■ TASK REQUIREMENTS: If a line in the data below holds the word "ゴシック", copy it.

■ Items listed in a dataset:

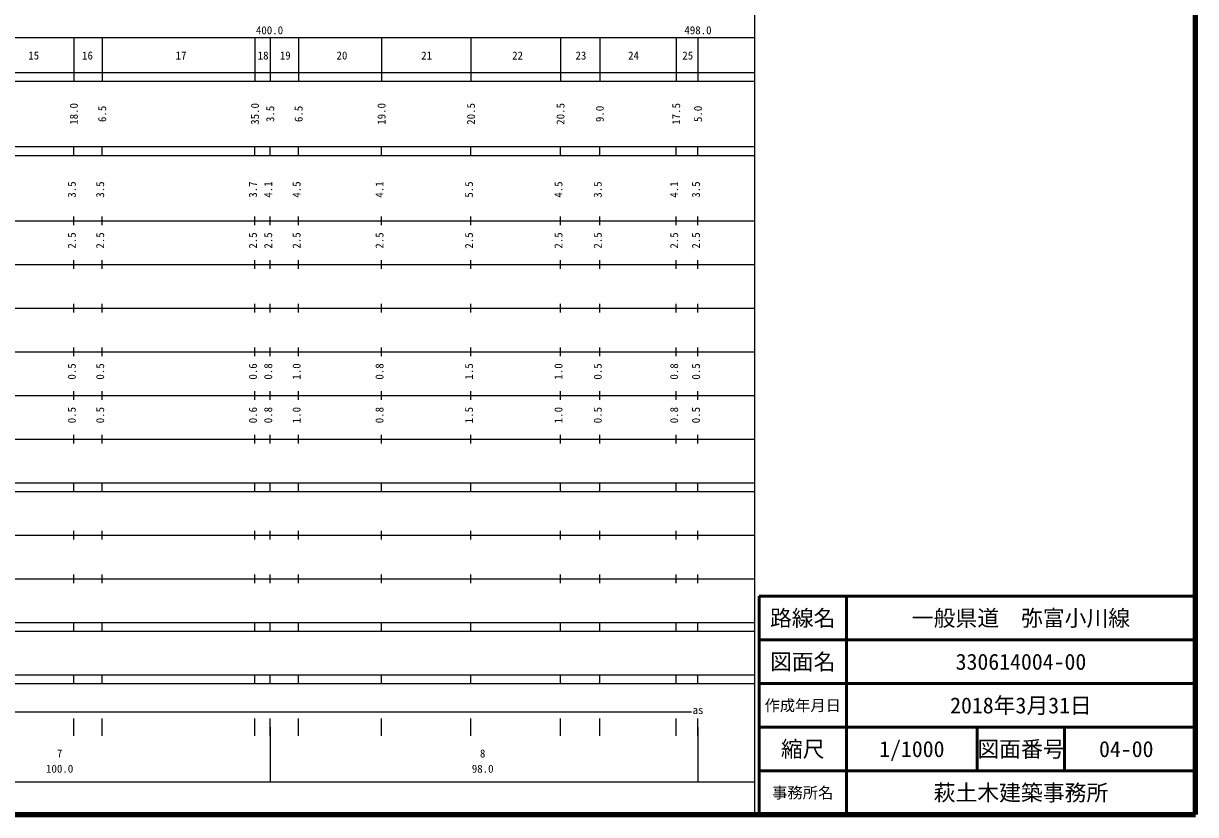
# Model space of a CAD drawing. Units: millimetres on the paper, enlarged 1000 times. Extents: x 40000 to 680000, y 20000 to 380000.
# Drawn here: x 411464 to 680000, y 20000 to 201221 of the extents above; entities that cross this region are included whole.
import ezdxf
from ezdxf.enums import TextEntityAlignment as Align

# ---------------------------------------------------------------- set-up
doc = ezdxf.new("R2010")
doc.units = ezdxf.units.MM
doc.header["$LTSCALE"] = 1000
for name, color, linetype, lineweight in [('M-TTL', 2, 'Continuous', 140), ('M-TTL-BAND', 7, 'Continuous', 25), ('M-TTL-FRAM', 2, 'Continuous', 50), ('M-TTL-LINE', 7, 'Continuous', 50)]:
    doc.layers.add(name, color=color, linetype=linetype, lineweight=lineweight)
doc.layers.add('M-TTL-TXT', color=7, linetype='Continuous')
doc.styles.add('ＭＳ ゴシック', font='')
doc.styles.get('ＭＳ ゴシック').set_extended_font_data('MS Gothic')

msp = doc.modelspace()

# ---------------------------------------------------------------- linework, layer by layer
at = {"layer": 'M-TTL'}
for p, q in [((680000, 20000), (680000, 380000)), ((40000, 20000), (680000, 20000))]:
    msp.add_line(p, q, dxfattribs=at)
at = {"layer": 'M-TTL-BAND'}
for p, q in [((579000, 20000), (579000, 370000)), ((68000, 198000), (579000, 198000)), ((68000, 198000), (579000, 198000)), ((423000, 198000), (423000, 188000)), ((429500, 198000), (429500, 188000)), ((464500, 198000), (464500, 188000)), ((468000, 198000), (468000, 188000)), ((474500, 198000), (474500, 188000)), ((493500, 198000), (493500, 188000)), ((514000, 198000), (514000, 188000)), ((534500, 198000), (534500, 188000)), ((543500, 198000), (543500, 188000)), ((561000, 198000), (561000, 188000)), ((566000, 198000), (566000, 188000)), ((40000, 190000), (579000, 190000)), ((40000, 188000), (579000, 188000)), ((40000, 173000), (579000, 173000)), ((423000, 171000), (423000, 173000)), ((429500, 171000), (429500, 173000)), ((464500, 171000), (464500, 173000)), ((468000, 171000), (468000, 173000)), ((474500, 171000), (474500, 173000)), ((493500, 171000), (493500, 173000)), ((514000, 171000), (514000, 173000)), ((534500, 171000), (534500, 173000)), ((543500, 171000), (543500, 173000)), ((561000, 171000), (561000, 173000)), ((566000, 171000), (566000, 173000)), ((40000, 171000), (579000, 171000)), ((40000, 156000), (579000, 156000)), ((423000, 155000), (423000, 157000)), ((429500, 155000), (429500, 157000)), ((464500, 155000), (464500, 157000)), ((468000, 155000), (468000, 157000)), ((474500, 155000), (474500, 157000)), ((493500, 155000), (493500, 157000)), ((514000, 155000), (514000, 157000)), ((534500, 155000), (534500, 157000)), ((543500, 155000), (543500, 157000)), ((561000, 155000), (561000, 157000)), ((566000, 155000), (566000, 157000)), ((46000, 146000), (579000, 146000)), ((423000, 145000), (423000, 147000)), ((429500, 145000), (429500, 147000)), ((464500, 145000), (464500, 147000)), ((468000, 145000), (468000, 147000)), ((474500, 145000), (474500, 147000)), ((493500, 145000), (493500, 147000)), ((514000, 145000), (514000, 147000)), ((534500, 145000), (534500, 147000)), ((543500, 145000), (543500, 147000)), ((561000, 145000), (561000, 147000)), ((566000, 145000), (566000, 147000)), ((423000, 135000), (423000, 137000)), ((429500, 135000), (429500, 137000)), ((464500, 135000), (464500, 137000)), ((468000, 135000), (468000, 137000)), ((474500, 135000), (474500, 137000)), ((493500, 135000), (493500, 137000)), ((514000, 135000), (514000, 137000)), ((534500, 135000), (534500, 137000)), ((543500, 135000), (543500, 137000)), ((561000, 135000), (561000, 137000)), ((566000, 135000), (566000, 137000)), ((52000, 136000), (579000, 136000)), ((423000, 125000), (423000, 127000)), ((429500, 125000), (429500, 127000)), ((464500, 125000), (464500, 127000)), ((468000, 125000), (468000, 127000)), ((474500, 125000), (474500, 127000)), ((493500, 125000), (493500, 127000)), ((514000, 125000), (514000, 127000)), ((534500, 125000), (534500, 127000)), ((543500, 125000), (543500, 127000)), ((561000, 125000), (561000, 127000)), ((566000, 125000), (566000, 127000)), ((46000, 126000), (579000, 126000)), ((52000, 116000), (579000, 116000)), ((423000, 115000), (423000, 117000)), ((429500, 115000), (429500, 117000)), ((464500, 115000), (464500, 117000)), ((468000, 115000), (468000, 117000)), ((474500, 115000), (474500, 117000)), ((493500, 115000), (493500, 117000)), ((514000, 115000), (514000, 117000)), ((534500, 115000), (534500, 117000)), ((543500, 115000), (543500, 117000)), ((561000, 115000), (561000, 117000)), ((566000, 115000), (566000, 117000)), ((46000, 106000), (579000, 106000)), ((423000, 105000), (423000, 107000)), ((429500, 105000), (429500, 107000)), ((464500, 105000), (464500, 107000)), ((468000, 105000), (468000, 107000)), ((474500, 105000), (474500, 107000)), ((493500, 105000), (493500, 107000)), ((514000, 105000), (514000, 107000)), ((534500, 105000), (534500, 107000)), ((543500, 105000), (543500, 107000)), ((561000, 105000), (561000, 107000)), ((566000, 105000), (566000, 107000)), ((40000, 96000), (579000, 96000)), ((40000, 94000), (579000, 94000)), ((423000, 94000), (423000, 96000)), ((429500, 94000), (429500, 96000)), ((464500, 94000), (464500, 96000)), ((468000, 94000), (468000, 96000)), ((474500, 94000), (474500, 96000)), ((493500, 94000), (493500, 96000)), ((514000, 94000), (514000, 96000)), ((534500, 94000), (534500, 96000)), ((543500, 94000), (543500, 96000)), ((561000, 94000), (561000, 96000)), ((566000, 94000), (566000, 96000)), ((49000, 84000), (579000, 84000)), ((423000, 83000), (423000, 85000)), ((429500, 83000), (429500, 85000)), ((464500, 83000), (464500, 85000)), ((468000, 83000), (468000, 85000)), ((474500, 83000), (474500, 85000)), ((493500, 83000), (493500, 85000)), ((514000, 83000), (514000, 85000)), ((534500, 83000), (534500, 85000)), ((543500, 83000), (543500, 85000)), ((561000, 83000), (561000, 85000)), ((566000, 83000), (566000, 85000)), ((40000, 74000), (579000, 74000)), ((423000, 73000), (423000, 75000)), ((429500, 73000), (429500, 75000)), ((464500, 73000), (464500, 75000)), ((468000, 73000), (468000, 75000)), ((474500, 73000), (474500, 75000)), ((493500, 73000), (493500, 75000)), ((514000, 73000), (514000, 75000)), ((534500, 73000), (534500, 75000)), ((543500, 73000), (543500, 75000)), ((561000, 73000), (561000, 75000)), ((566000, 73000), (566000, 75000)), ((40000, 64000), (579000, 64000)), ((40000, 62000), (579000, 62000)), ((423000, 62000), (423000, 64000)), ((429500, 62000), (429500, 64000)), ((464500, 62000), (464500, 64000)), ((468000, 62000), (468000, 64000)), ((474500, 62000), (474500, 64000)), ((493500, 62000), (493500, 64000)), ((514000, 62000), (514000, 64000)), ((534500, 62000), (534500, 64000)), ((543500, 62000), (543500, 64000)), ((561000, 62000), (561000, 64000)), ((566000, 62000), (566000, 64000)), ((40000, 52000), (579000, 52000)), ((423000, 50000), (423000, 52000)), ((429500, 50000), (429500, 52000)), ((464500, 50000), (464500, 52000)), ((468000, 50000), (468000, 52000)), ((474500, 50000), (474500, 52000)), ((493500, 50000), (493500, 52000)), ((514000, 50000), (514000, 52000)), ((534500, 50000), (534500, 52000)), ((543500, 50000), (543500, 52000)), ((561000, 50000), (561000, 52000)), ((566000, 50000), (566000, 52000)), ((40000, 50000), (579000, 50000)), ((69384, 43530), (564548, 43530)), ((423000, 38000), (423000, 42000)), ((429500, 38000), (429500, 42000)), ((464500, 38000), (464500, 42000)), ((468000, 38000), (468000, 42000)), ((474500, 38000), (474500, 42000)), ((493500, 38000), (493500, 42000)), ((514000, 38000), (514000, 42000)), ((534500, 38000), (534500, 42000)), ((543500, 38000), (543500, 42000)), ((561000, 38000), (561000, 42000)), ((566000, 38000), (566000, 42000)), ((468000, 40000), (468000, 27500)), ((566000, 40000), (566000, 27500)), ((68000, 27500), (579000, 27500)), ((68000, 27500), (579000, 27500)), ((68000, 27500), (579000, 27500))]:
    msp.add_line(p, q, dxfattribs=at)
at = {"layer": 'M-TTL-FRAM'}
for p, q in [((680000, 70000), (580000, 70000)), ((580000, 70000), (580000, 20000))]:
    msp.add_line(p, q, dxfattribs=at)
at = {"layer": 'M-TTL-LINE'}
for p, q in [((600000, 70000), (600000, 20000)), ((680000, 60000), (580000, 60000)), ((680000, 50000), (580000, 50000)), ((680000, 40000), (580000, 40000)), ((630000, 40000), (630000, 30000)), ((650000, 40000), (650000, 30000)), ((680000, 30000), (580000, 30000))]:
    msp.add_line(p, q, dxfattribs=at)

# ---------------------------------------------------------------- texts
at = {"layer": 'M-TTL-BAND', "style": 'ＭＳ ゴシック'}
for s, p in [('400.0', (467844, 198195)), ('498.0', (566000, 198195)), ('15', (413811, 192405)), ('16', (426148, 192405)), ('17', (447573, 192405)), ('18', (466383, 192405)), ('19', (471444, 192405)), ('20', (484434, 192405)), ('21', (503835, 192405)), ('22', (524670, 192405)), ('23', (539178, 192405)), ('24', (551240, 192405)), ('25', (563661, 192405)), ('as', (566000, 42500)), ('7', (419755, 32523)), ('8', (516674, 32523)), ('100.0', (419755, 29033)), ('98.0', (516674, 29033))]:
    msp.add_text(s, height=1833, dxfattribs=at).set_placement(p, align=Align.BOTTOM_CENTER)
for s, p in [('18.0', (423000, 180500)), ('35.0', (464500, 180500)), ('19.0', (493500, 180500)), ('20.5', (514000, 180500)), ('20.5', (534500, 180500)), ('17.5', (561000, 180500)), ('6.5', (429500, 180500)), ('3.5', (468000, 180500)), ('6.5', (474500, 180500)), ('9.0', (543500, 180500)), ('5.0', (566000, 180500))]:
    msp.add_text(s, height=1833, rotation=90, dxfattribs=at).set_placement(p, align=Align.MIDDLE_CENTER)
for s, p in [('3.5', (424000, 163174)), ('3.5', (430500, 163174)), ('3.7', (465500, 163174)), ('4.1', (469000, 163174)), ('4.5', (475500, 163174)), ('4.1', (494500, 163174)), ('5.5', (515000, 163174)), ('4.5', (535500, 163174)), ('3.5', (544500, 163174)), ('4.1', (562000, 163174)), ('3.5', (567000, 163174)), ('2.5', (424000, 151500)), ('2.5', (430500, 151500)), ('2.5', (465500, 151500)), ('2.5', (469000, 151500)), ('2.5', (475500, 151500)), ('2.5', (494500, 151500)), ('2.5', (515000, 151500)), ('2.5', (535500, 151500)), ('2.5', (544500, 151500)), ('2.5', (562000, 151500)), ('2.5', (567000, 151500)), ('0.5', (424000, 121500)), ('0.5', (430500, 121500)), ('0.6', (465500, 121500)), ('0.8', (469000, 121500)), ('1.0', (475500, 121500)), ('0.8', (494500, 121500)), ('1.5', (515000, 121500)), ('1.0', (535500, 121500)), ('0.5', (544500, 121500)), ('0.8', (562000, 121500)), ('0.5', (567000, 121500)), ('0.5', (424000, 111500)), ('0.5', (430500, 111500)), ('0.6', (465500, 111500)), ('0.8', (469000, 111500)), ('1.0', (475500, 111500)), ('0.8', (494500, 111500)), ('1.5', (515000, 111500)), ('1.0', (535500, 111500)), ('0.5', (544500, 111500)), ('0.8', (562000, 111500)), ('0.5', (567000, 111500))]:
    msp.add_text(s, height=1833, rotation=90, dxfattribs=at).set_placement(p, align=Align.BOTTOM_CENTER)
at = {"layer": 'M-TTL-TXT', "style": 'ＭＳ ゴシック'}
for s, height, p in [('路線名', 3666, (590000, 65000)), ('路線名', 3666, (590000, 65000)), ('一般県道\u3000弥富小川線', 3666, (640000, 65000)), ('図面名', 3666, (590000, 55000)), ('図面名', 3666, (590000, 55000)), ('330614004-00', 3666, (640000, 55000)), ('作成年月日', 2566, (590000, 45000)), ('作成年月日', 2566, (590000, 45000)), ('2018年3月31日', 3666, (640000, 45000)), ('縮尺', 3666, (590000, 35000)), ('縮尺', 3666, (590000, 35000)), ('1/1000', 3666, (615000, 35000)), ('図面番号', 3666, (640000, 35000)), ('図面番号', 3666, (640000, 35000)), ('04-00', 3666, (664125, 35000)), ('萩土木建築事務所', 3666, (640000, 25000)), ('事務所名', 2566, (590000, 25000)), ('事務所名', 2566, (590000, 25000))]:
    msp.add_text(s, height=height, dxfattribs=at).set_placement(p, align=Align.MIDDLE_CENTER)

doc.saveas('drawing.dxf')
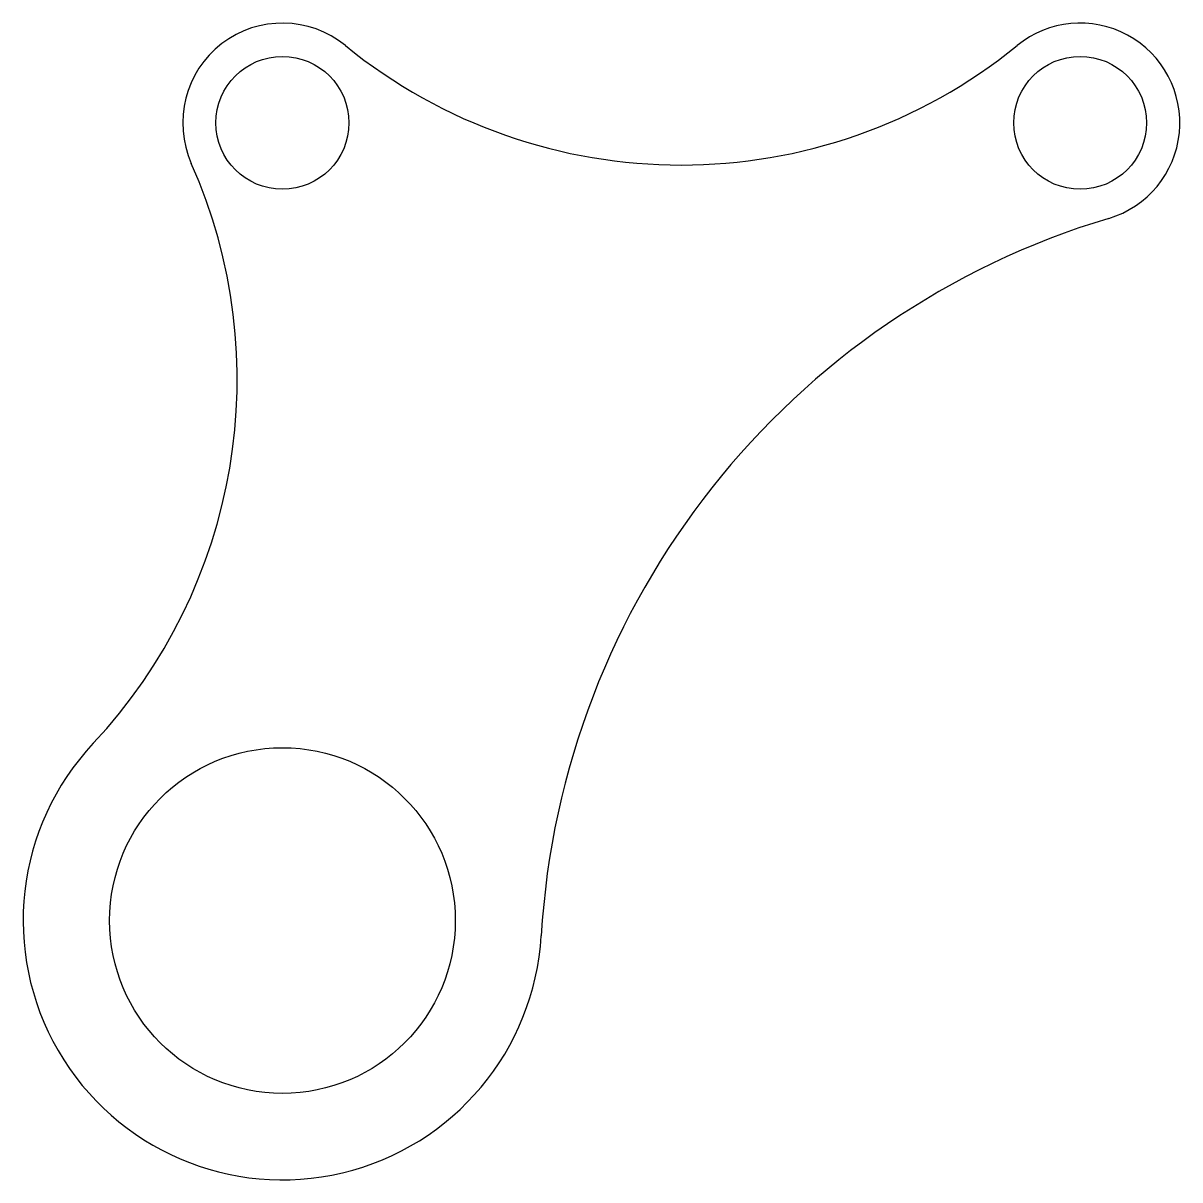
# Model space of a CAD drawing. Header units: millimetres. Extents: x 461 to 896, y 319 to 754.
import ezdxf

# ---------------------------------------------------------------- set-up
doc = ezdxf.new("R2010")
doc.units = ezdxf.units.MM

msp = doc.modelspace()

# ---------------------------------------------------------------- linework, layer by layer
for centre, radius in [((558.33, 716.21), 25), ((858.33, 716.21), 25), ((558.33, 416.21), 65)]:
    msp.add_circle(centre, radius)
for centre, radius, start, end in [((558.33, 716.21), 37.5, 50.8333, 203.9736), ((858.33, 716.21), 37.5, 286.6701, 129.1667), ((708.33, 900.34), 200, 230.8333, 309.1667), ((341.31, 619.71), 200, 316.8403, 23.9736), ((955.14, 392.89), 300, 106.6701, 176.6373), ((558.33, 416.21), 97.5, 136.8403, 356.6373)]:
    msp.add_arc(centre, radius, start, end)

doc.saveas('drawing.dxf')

■ TASK RESULT:
doc.styles.add('ＭＳ ゴシック', font='')
doc.styles.get('ＭＳ ゴシック').set_extended_font_data('MS Gothic')
at = {"layer": 'M-TTL-BAND', "style": 'ＭＳ ゴシック'}
at = {"layer": 'M-TTL-TXT', "style": 'ＭＳ ゴシック'}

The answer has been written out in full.